(Recorded information Opens)
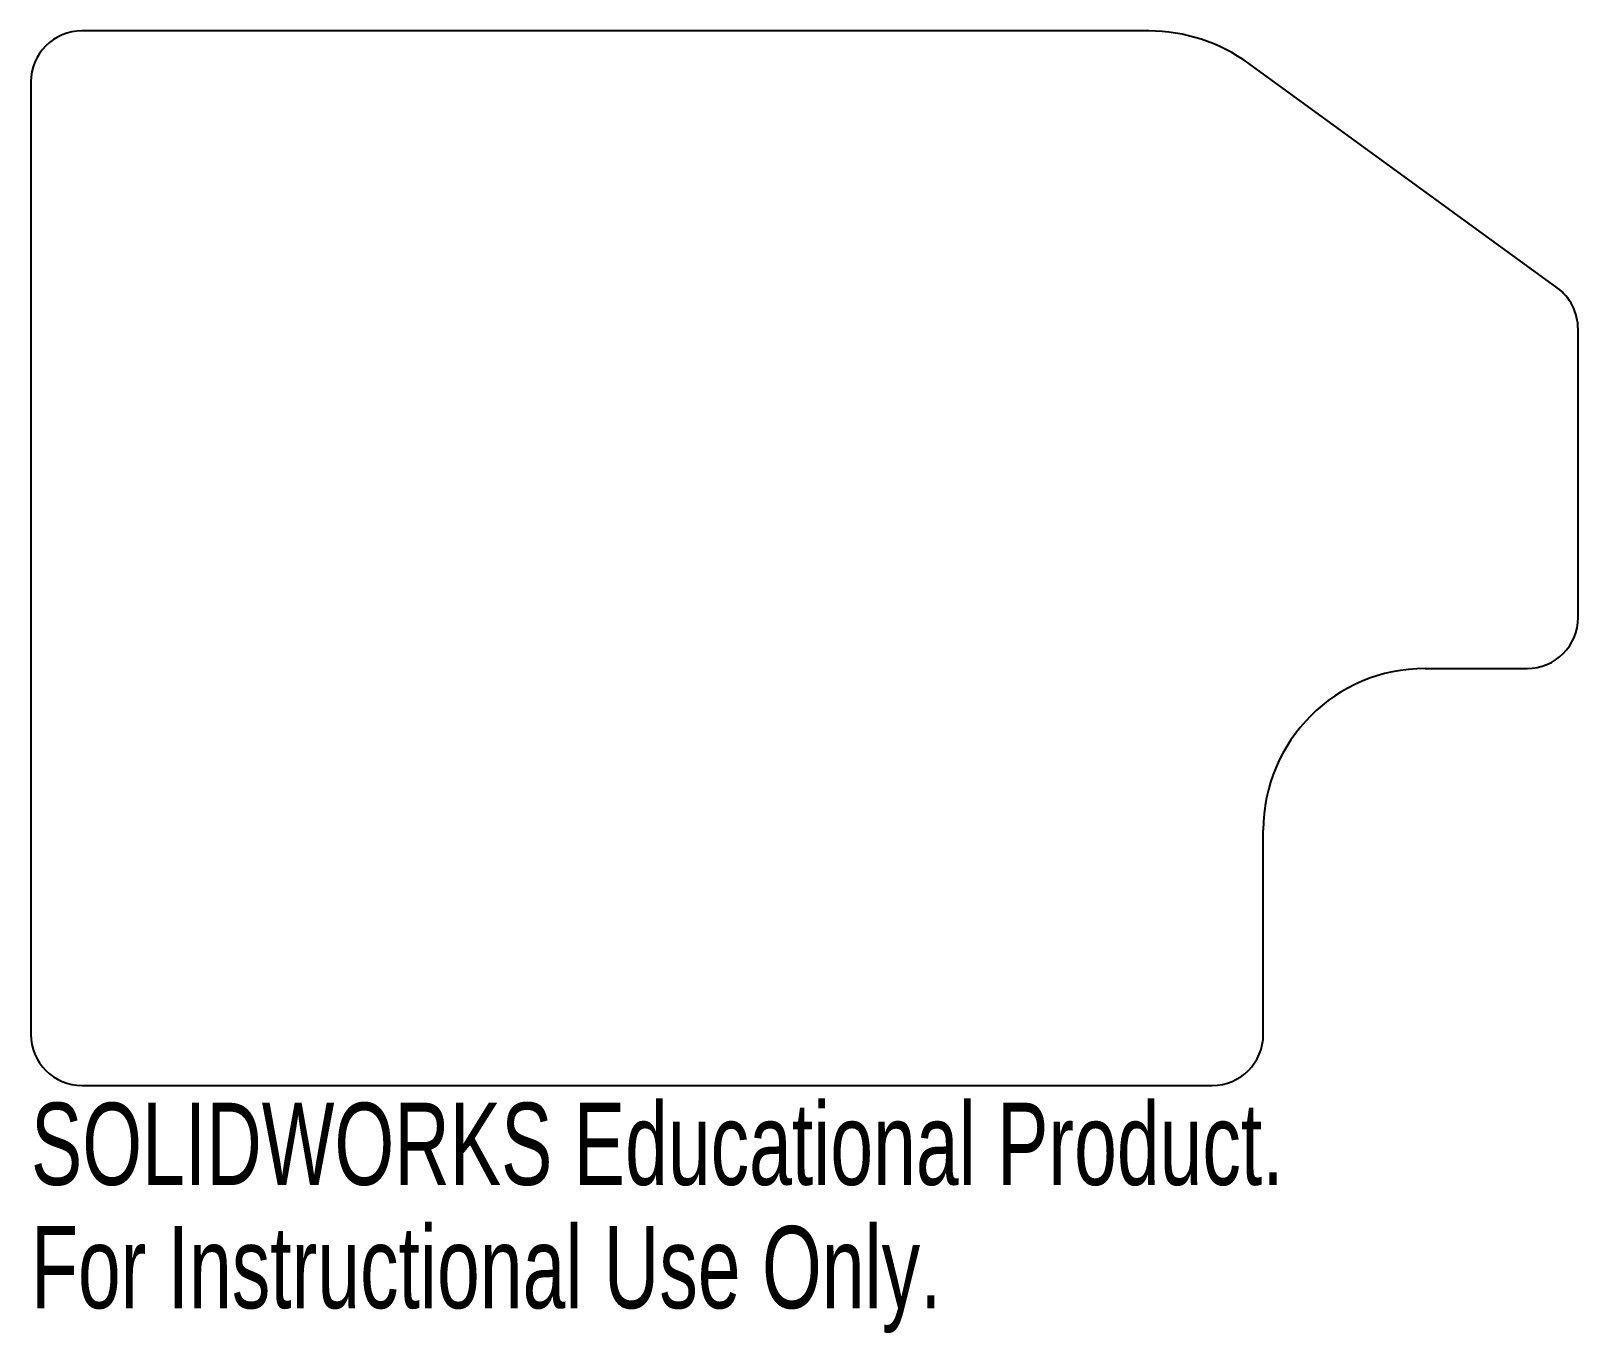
# Model space of a CAD drawing. Header units: millimetres. Extents: x -82 to 9, y -16.6 to 60.
import ezdxf

# ---------------------------------------------------------------- set-up
doc = ezdxf.new("R2010")
doc.units = ezdxf.units.MM
doc.styles.add('SLDTEXTSTYLE0', font='TXT', dxfattribs={"width": 0.7})

msp = doc.modelspace()

# ---------------------------------------------------------------- linework, layer by layer
at = {"color": 7, "linetype": 'Continuous', "lineweight": 25}
for p, q in [((-16.252, 60), (-79, 60)), ((7.765, 44.899), (-10.37, 58.087)), ((-82, 57), (-82, 1)), ((9, 25.512), (9, 42.472)), ((0, 22.512), (6, 22.512)), ((-9.512, 1), (-9.512, 13)), ((-79, -2), (-12.512, -2))]:
    msp.add_line(p, q, dxfattribs=at)
for centre, radius, start, end in [((-79, 57), 3, 90, 180), ((-16.252, 50), 10, 53.97263, 90), ((6, 42.472), 3, 0, 53.97263), ((6, 25.512), 3, 270, 0), ((0, 13), 9.512, 90, 180), ((-79, 1), 3, 180, 270), ((-12.512, 1), 3, 270, 0)]:
    msp.add_arc(centre, radius, start, end, dxfattribs=at)

# ---------------------------------------------------------------- texts
at = {"color": 7, "linetype": 'Continuous', "char_height": 4.83362, "attachment_point": 1, "style": 'SLDTEXTSTYLE0'}
for s, insert in [('SOLIDWORKS Educational Product.', (-82, -3.02)), ('For Instructional Use Only.', (-82, -10.27))]:
    msp.add_mtext(s, dxfattribs=dict(at, insert=insert))

doc.saveas('drawing.dxf')
(Recorded information Closes)
• _Task requirements_
Transcribe the records above exactly, omitting every picture they contain.

• _Solution_
# Model space of a CAD drawing. Header units: millimetres. Extents: x -82 to 9, y -16.6 to 60.
import ezdxf

# ---------------------------------------------------------------- set-up
doc = ezdxf.new("R2010")
doc.units = ezdxf.units.MM
doc.styles.add('SLDTEXTSTYLE0', font='TXT', dxfattribs={"width": 0.7})

msp = doc.modelspace()

# ---------------------------------------------------------------- linework, layer by layer
at = {"color": 7, "linetype": 'Continuous', "lineweight": 25}
for p, q in [((-16.252, 60), (-79, 60)), ((7.765, 44.899), (-10.37, 58.087)), ((-82, 57), (-82, 1)), ((9, 25.512), (9, 42.472)), ((0, 22.512), (6, 22.512)), ((-9.512, 1), (-9.512, 13)), ((-79, -2), (-12.512, -2))]:
    msp.add_line(p, q, dxfattribs=at)
for centre, radius, start, end in [((-79, 57), 3, 90, 180), ((-16.252, 50), 10, 53.97263, 90), ((6, 42.472), 3, 0, 53.97263), ((6, 25.512), 3, 270, 0), ((0, 13), 9.512, 90, 180), ((-79, 1), 3, 180, 270), ((-12.512, 1), 3, 270, 0)]:
    msp.add_arc(centre, radius, start, end, dxfattribs=at)

# ---------------------------------------------------------------- texts
at = {"color": 7, "linetype": 'Continuous', "char_height": 4.83362, "attachment_point": 1, "style": 'SLDTEXTSTYLE0'}
for s, insert in [('SOLIDWORKS Educational Product.', (-82, -3.02)), ('For Instructional Use Only.', (-82, -10.27))]:
    msp.add_mtext(s, dxfattribs=dict(at, insert=insert))

doc.saveas('drawing.dxf')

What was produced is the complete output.